In a bit, d and I are going snow-shoeing, if we can figure out where to go. Then this evening, to a party. Tomorrow, to a house-cooling (dan's colleague Therese is going on a six-month sabbatical with her husband and young child). Sometime in there, I hope to get started on building the second rocking chair.

Glad to be back.

Sunday, 16 January 2005 10:04 pm
da: A smiling human with short hair, head tilted a bit to the right. It's black and white with a neutral background. You can't tell if the white in the hair is due to lighting, or maybe it's white hair! (Default)
Big props to the LJ crew for their hard work. I've been thinking of subscribing for a while, and this was the kick-in-the-pants I needed to do it.

Yesterday I finally got around to finishing the seat and back of the rocking chair that d. got for Christmas from his parents. I'll try and put up pics sometime this week. Looks pretty good. And it's comfey, too. Next I get to put mine together, yay.

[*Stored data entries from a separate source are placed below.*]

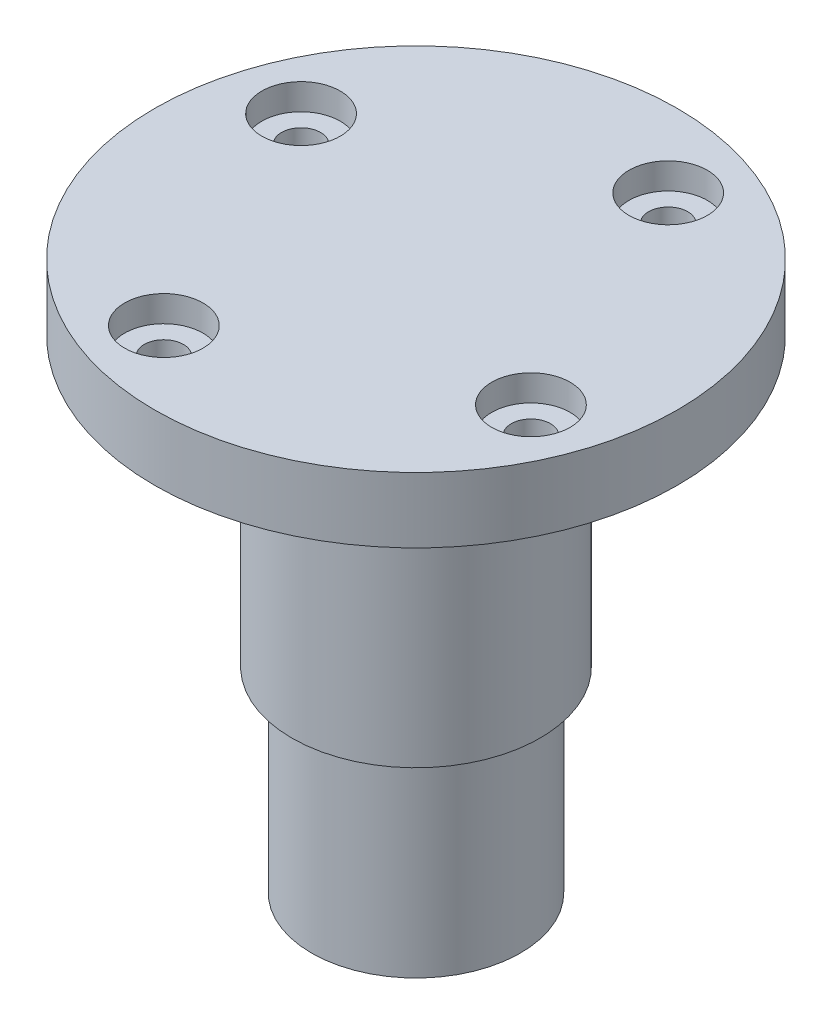
from build123d import *

# Parameters (mm, degrees)
SKETCH_1_R          = 8
EXTRUDE_1_DEPTH     = 37
SKETCH_2_R          = 9.5
EXTRUDE_2_DEPTH     = 22
SKETCH_3_R          = 20
EXTRUDE_3_DEPTH     = 5
SKETCH_4_R          = 1.5
CUT_EXTRUDE_1_DEPTH = 5
SKETCH_5_R          = 3
CUT_EXTRUDE_2_DEPTH = 2


with BuildPart() as part:
    # 草图1 → 凸台-拉伸1 (new body)
    with BuildSketch(Plane(origin=(0, 0, 0), x_dir=(1, 0, 0), z_dir=(0, 1, 0))):
        Circle(SKETCH_1_R)
    extrude(amount=EXTRUDE_1_DEPTH)

    # 草图2 → 凸台-拉伸2 (add)
    with BuildSketch(Plane(origin=(0, 37, 0), x_dir=(1, 0, 0), z_dir=(0, 1, 0))):
        Circle(SKETCH_2_R)
    extrude(amount=-EXTRUDE_2_DEPTH)

    # 草图3 → 凸台-拉伸3 (add)
    with BuildSketch(Plane(origin=(0, 37, 0), x_dir=(1, 0, 0), z_dir=(0, 1, 0))):
        Circle(SKETCH_3_R)
    extrude(amount=EXTRUDE_3_DEPTH)

    # 草图4 → 切除-拉伸1 (cut)
    with BuildSketch(Plane(origin=(0, 42, 0), x_dir=(1, 0, 0), z_dir=(0, 1, 0))):
        with Locations((-14.050368693, 5.252346102)):
            Circle(SKETCH_4_R)
        with Locations((5.252346102, 14.050368693)):
            Circle(SKETCH_4_R)
        with Locations((14.050368693, -5.252346102)):
            Circle(SKETCH_4_R)
        with Locations((-5.252346102, -14.050368693)):
            Circle(SKETCH_4_R)
    extrude(amount=-CUT_EXTRUDE_1_DEPTH, mode=Mode.SUBTRACT)

    # 草图5 → 切除-拉伸2 (cut)
    with BuildSketch(Plane(origin=(0, 42, 0), x_dir=(1, 0, 0), z_dir=(0, 1, 0))):
        with Locations((-14.050368693, 5.252346102)):
            Circle(SKETCH_5_R)
        with Locations((5.252346102, 14.050368693)):
            Circle(SKETCH_5_R)
        with Locations((14.050368693, -5.252346102)):
            Circle(SKETCH_5_R)
        with Locations((-5.252346102, -14.050368693)):
            Circle(SKETCH_5_R)
    extrude(amount=-CUT_EXTRUDE_2_DEPTH, mode=Mode.SUBTRACT)


solid = part.part
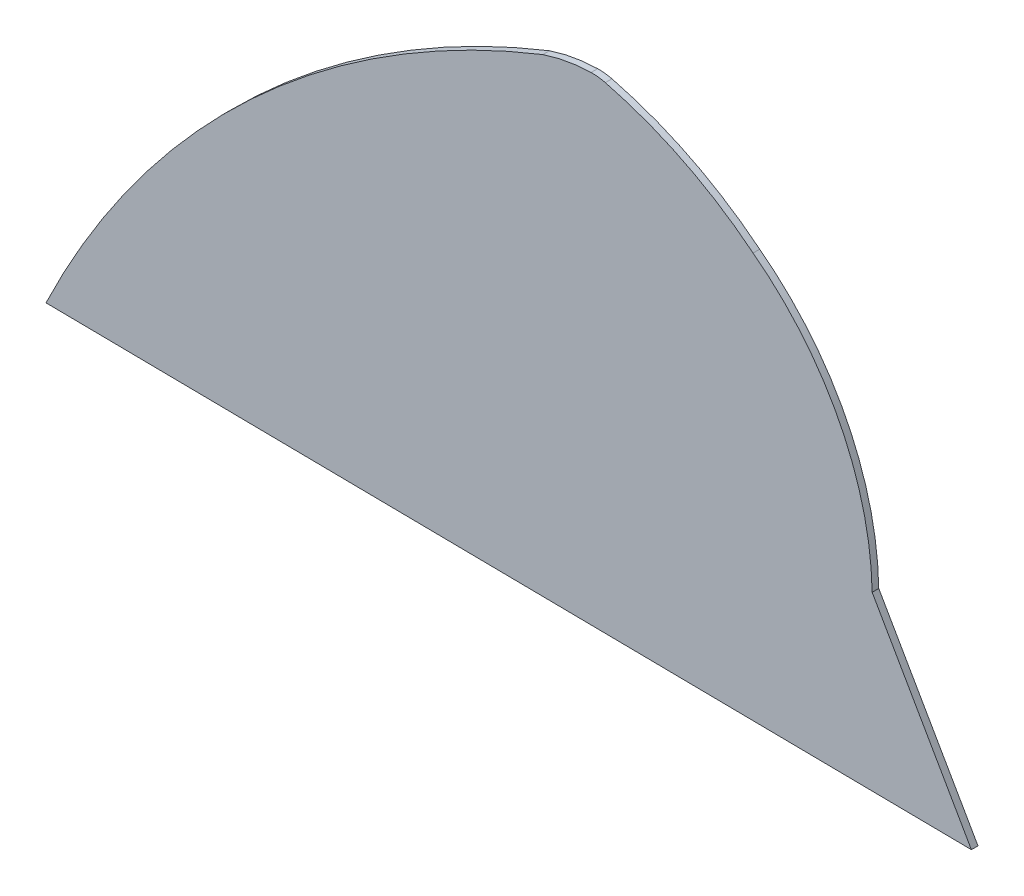
from build123d import *

# Parameters (mm, degrees)
Y_KSEKLIK_EKSTR_ZYON1_DEPTH = 10


with BuildPart() as part:
    # Çizim1 → Yükseklik-Ekstrüzyon1 (new body)
    with BuildSketch(Plane.XY):
        with BuildLine():
            ThreePointArc((15.900247885, 707.260051266), (-426.128478979, 427.588769164), (-735.852954334, 6.072256116))
            Line((-735.852954334, 6.072256116), (664.147045666, -10.43069172))
            Line((664.147045666, -10.43069172), (514.004259651, 251.779036937))
            ThreePointArc((514.004259651, 251.779036937), (464.852209342, 449.785422775), (333.892309545, 606.22057716))
            ThreePointArc((333.892309545, 606.22057716), (228.125604356, 674.012353772), (110.348718239, 717.726493351))
            ThreePointArc((110.348718239, 717.726493351), (99.634050041, 719.676084087), (88.753877168, 720.152379041))
            ThreePointArc((88.753877168, 720.152379041), (51.840168654, 716.457617872), (15.900247885, 707.260051266))
        make_face()
    extrude(amount=Y_KSEKLIK_EKSTR_ZYON1_DEPTH)


solid = part.part

Today, we were in Toronto, ostensibly to buy snow-shoes, which we've been saving the money for, since last christmas, but we've STILL not gotten around to buying... Alas, Mountain Equipment Co-Op (a canadian REI) didn't have them in-stock at the store we visited, and by that point we were cold from wandering the downtown, so we came back without them. Again. Sigh. They are sold locally, but more expensively. Sigh.

But we did pick out d's christmas present to me, a necktie that we both could stand (which was sort of fun). And I scored a VU Meter from a surplus electronics store on Queen Street, which I'm gonna turn into a geeky project (which I'll blog about if it works).

We had an Aha moment. So, to start with, Canadians seem to obey Don't Walk signs considerably better than Americans do, even in cities like Toronto. I've always wondered how this happens- do Canadian parents just do a better job drilling it into their kids, just like politeness (*)? Turns out that at least in part, the answer is: public ridicule. We crossed a street against a light (being the only people doing so) and this young girl (about 8) said loudly, "but how come THEY can cross and you said we can't?" Her mom's response was equally loud (and, I think, humourously exaggerated; at least I hope so) "Because they're bad people honey." We were laughing for a few blocks afterward...

(*) This difference isn't small. Since moving here, I've noticed that kids in Canada will ask before they start petting our dog, while when we're in the US, they've just started petting her. Also, there is an expectation of "please" and "thank you" that seems to work much better than in the US, too.